** SOURCE DATA follows **

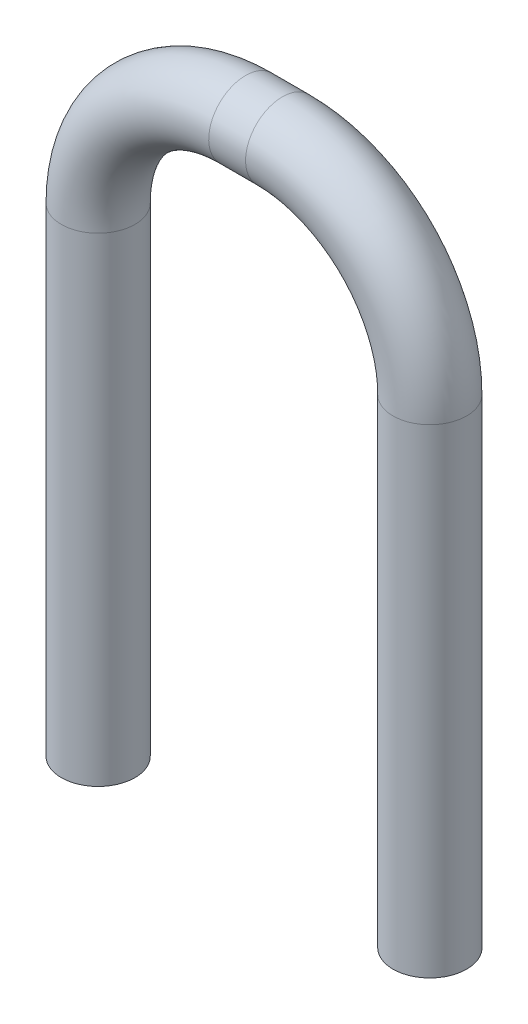
ISO-10303-21;
HEADER;
FILE_DESCRIPTION(('STEP AP214'),'2;1');
FILE_NAME('part.step','',(''),(''),'','','');
FILE_SCHEMA(('AUTOMOTIVE_DESIGN { 1 0 10303 214 1 1 1 1 }'));
ENDSEC;
DATA;
#1=APPLICATION_CONTEXT('core data for automotive mechanical design processes');
#2=APPLICATION_PROTOCOL_DEFINITION('international standard','automotive_design',2000,#1);
#3=PRODUCT_CONTEXT('',#1,'mechanical');
#4=PRODUCT('Part','Part','',(#3));
#5=PRODUCT_RELATED_PRODUCT_CATEGORY('part','',(#4));
#6=PRODUCT_DEFINITION_FORMATION('','',#4);
#7=PRODUCT_DEFINITION_CONTEXT('part definition',#1,'design');
#8=PRODUCT_DEFINITION('design','',#6,#7);
#9=PRODUCT_DEFINITION_SHAPE('','',#8);
#10=(LENGTH_UNIT() NAMED_UNIT(*) SI_UNIT(.MILLI.,.METRE.));
#11=(NAMED_UNIT(*) PLANE_ANGLE_UNIT() SI_UNIT($,.RADIAN.));
#12=(NAMED_UNIT(*) SI_UNIT($,.STERADIAN.) SOLID_ANGLE_UNIT());
#13=UNCERTAINTY_MEASURE_WITH_UNIT(LENGTH_MEASURE(1.E-05),#10,'distance_accuracy_value','');
#14=(GEOMETRIC_REPRESENTATION_CONTEXT(3) GLOBAL_UNCERTAINTY_ASSIGNED_CONTEXT((#13)) GLOBAL_UNIT_ASSIGNED_CONTEXT((#10,
#11,#12)) REPRESENTATION_CONTEXT('',''));
#15=CARTESIAN_POINT('',(0.,0.,0.));
#16=DIRECTION('',(0.,0.,1.));
#17=DIRECTION('',(1.,0.,0.));
#18=AXIS2_PLACEMENT_3D('',#15,#16,#17);
#19=CARTESIAN_POINT('',(4.50000000000001,0.,0.));
#20=DIRECTION('',(0.,-1.,0.));
#21=DIRECTION('',(1.,0.,0.));
#22=AXIS2_PLACEMENT_3D('',#19,#20,#21);
#23=PLANE('',#22);
#24=CARTESIAN_POINT('',(4.50000000000001,0.,0.));
#25=DIRECTION('',(0.,-1.,0.));
#26=DIRECTION('',(1.,0.,0.));
#27=AXIS2_PLACEMENT_3D('',#24,#25,#26);
#28=CIRCLE('',#27,1.);
#29=CARTESIAN_POINT('',(5.50000000000001,0.,0.));
#30=VERTEX_POINT('',#29);
#31=EDGE_CURVE('E56',#30,#30,#28,.T.);
#32=ORIENTED_EDGE('',*,*,#31,.T.);
#33=EDGE_LOOP('',(#32));
#34=FACE_BOUND('',#33,.T.);
#35=ADVANCED_FACE('F44',(#34),#23,.T.);
#36=CARTESIAN_POINT('',(-4.50000000000001,0.,0.));
#37=DIRECTION('',(0.,1.,0.));
#38=DIRECTION('',(-1.,0.,0.));
#39=AXIS2_PLACEMENT_3D('',#36,#37,#38);
#40=PLANE('',#39);
#41=CARTESIAN_POINT('',(-4.50000000000001,0.,0.));
#42=DIRECTION('',(0.,1.,0.));
#43=DIRECTION('',(-1.,0.,0.));
#44=AXIS2_PLACEMENT_3D('',#41,#42,#43);
#45=CIRCLE('',#44,1.);
#46=CARTESIAN_POINT('',(-5.50000000000001,0.,0.));
#47=VERTEX_POINT('',#46);
#48=EDGE_CURVE('E12',#47,#47,#45,.T.);
#49=ORIENTED_EDGE('',*,*,#48,.F.);
#50=EDGE_LOOP('',(#49));
#51=FACE_BOUND('',#50,.T.);
#52=ADVANCED_FACE('F62',(#51),#40,.F.);
#53=CARTESIAN_POINT('',(4.50000000000001,0.,0.));
#54=DIRECTION('',(0.,1.,0.));
#55=DIRECTION('',(-1.,0.,0.));
#56=AXIS2_PLACEMENT_3D('',#53,#54,#55);
#57=CYLINDRICAL_SURFACE('',#56,1.);
#58=CARTESIAN_POINT('',(4.5,13.,0.));
#59=DIRECTION('',(0.,-1.,0.));
#60=DIRECTION('',(1.,0.,0.));
#61=AXIS2_PLACEMENT_3D('',#58,#59,#60);
#62=CIRCLE('',#61,1.);
#63=CARTESIAN_POINT('',(5.5,13.,0.));
#64=VERTEX_POINT('',#63);
#65=EDGE_CURVE('E96',#64,#64,#62,.T.);
#66=ORIENTED_EDGE('',*,*,#65,.T.);
#67=EDGE_LOOP('',(#66));
#68=FACE_BOUND('',#67,.T.);
#69=ORIENTED_EDGE('',*,*,#31,.F.);
#70=EDGE_LOOP('',(#69));
#71=FACE_BOUND('',#70,.T.);
#72=ADVANCED_FACE('F64',(#68,#71),#57,.T.);
#73=CARTESIAN_POINT('',(0.5,13.,0.));
#74=DIRECTION('',(0.,0.,1.));
#75=DIRECTION('',(1.,0.,0.));
#76=AXIS2_PLACEMENT_3D('',#73,#74,#75);
#77=TOROIDAL_SURFACE('',#76,4.,1.);
#78=CARTESIAN_POINT('',(0.5,17.,0.));
#79=DIRECTION('',(1.,0.,0.));
#80=DIRECTION('',(0.,1.,0.));
#81=AXIS2_PLACEMENT_3D('',#78,#79,#80);
#82=CIRCLE('',#81,1.);
#83=CARTESIAN_POINT('',(0.500000000000001,18.,0.));
#84=VERTEX_POINT('',#83);
#85=EDGE_CURVE('E93',#84,#84,#82,.T.);
#86=CARTESIAN_POINT('',(0.5,13.,0.));
#87=DIRECTION('',(0.,0.,1.));
#88=DIRECTION('',(1.,0.,0.));
#89=AXIS2_PLACEMENT_3D('',#86,#87,#88);
#90=CIRCLE('',#89,5.);
#91=EDGE_CURVE('',#64,#84,#90,.T.);
#92=ORIENTED_EDGE('',*,*,#65,.F.);
#93=ORIENTED_EDGE('',*,*,#85,.T.);
#94=ORIENTED_EDGE('',*,*,#91,.T.);
#95=ORIENTED_EDGE('',*,*,#91,.F.);
#96=EDGE_LOOP('',(#92,#94,#93,#95));
#97=FACE_BOUND('',#96,.T.);
#98=ADVANCED_FACE('F69',(#97),#77,.T.);
#99=CARTESIAN_POINT('',(0.499999999999999,17.,0.));
#100=DIRECTION('',(-1.,0.,0.));
#101=DIRECTION('',(0.,0.,1.));
#102=AXIS2_PLACEMENT_3D('',#99,#100,#101);
#103=CYLINDRICAL_SURFACE('',#102,1.);
#104=CARTESIAN_POINT('',(-0.5,17.,0.));
#105=DIRECTION('',(1.,0.,0.));
#106=DIRECTION('',(0.,1.,0.));
#107=AXIS2_PLACEMENT_3D('',#104,#105,#106);
#108=CIRCLE('',#107,1.);
#109=CARTESIAN_POINT('',(-0.5,18.,0.));
#110=VERTEX_POINT('',#109);
#111=EDGE_CURVE('E98',#110,#110,#108,.T.);
#112=ORIENTED_EDGE('',*,*,#111,.T.);
#113=EDGE_LOOP('',(#112));
#114=FACE_BOUND('',#113,.T.);
#115=ORIENTED_EDGE('',*,*,#85,.F.);
#116=EDGE_LOOP('',(#115));
#117=FACE_BOUND('',#116,.T.);
#118=ADVANCED_FACE('F79',(#114,#117),#103,.T.);
#119=CARTESIAN_POINT('',(-0.5,13.,0.));
#120=DIRECTION('',(0.,0.,1.));
#121=DIRECTION('',(1.,0.,0.));
#122=AXIS2_PLACEMENT_3D('',#119,#120,#121);
#123=TOROIDAL_SURFACE('',#122,4.,1.);
#124=CARTESIAN_POINT('',(-4.5,13.,0.));
#125=DIRECTION('',(0.,1.,0.));
#126=DIRECTION('',(-1.,0.,0.));
#127=AXIS2_PLACEMENT_3D('',#124,#125,#126);
#128=CIRCLE('',#127,1.);
#129=CARTESIAN_POINT('',(-5.5,13.,0.));
#130=VERTEX_POINT('',#129);
#131=EDGE_CURVE('E51',#130,#130,#128,.T.);
#132=CARTESIAN_POINT('',(-0.5,13.,0.));
#133=DIRECTION('',(0.,0.,1.));
#134=DIRECTION('',(1.,0.,0.));
#135=AXIS2_PLACEMENT_3D('',#132,#133,#134);
#136=CIRCLE('',#135,5.);
#137=EDGE_CURVE('',#110,#130,#136,.T.);
#138=ORIENTED_EDGE('',*,*,#111,.F.);
#139=ORIENTED_EDGE('',*,*,#131,.T.);
#140=ORIENTED_EDGE('',*,*,#137,.T.);
#141=ORIENTED_EDGE('',*,*,#137,.F.);
#142=EDGE_LOOP('',(#138,#140,#139,#141));
#143=FACE_BOUND('',#142,.T.);
#144=ADVANCED_FACE('F75',(#143),#123,.T.);
#145=CARTESIAN_POINT('',(-4.5,13.,0.));
#146=DIRECTION('',(0.,-1.,0.));
#147=DIRECTION('',(1.,0.,0.));
#148=AXIS2_PLACEMENT_3D('',#145,#146,#147);
#149=CYLINDRICAL_SURFACE('',#148,1.);
#150=ORIENTED_EDGE('',*,*,#48,.T.);
#151=EDGE_LOOP('',(#150));
#152=FACE_BOUND('',#151,.T.);
#153=ORIENTED_EDGE('',*,*,#131,.F.);
#154=EDGE_LOOP('',(#153));
#155=FACE_BOUND('',#154,.T.);
#156=ADVANCED_FACE('F59',(#152,#155),#149,.T.);
#157=CLOSED_SHELL('',(#35,#52,#72,#98,#118,#144,#156));
#158=MANIFOLD_SOLID_BREP('B2',#157);
#159=ADVANCED_BREP_SHAPE_REPRESENTATION('',(#18,#158),#14);
#160=SHAPE_DEFINITION_REPRESENTATION(#9,#159);
ENDSEC;
END-ISO-10303-21;

** End of SOURCE DATA **

» EXERCISE
Repeat exactly the lines of the listing above, from the one with "#27=AXIS2_PLACEMENT_3D('',#24,#25,#26);" down to the one with "#37=DIRECTION('',(0.,1.,0.));"; both of those lines belong in the range.

» SOLUTION TO THE EXERCISE
#27=AXIS2_PLACEMENT_3D('',#24,#25,#26);
#28=CIRCLE('',#27,1.);
#29=CARTESIAN_POINT('',(5.50000000000001,0.,0.));
#30=VERTEX_POINT('',#29);
#31=EDGE_CURVE('E56',#30,#30,#28,.T.);
#32=ORIENTED_EDGE('',*,*,#31,.T.);
#33=EDGE_LOOP('',(#32));
#34=FACE_BOUND('',#33,.T.);
#35=ADVANCED_FACE('F44',(#34),#23,.T.);
#36=CARTESIAN_POINT('',(-4.50000000000001,0.,0.));
#37=DIRECTION('',(0.,1.,0.));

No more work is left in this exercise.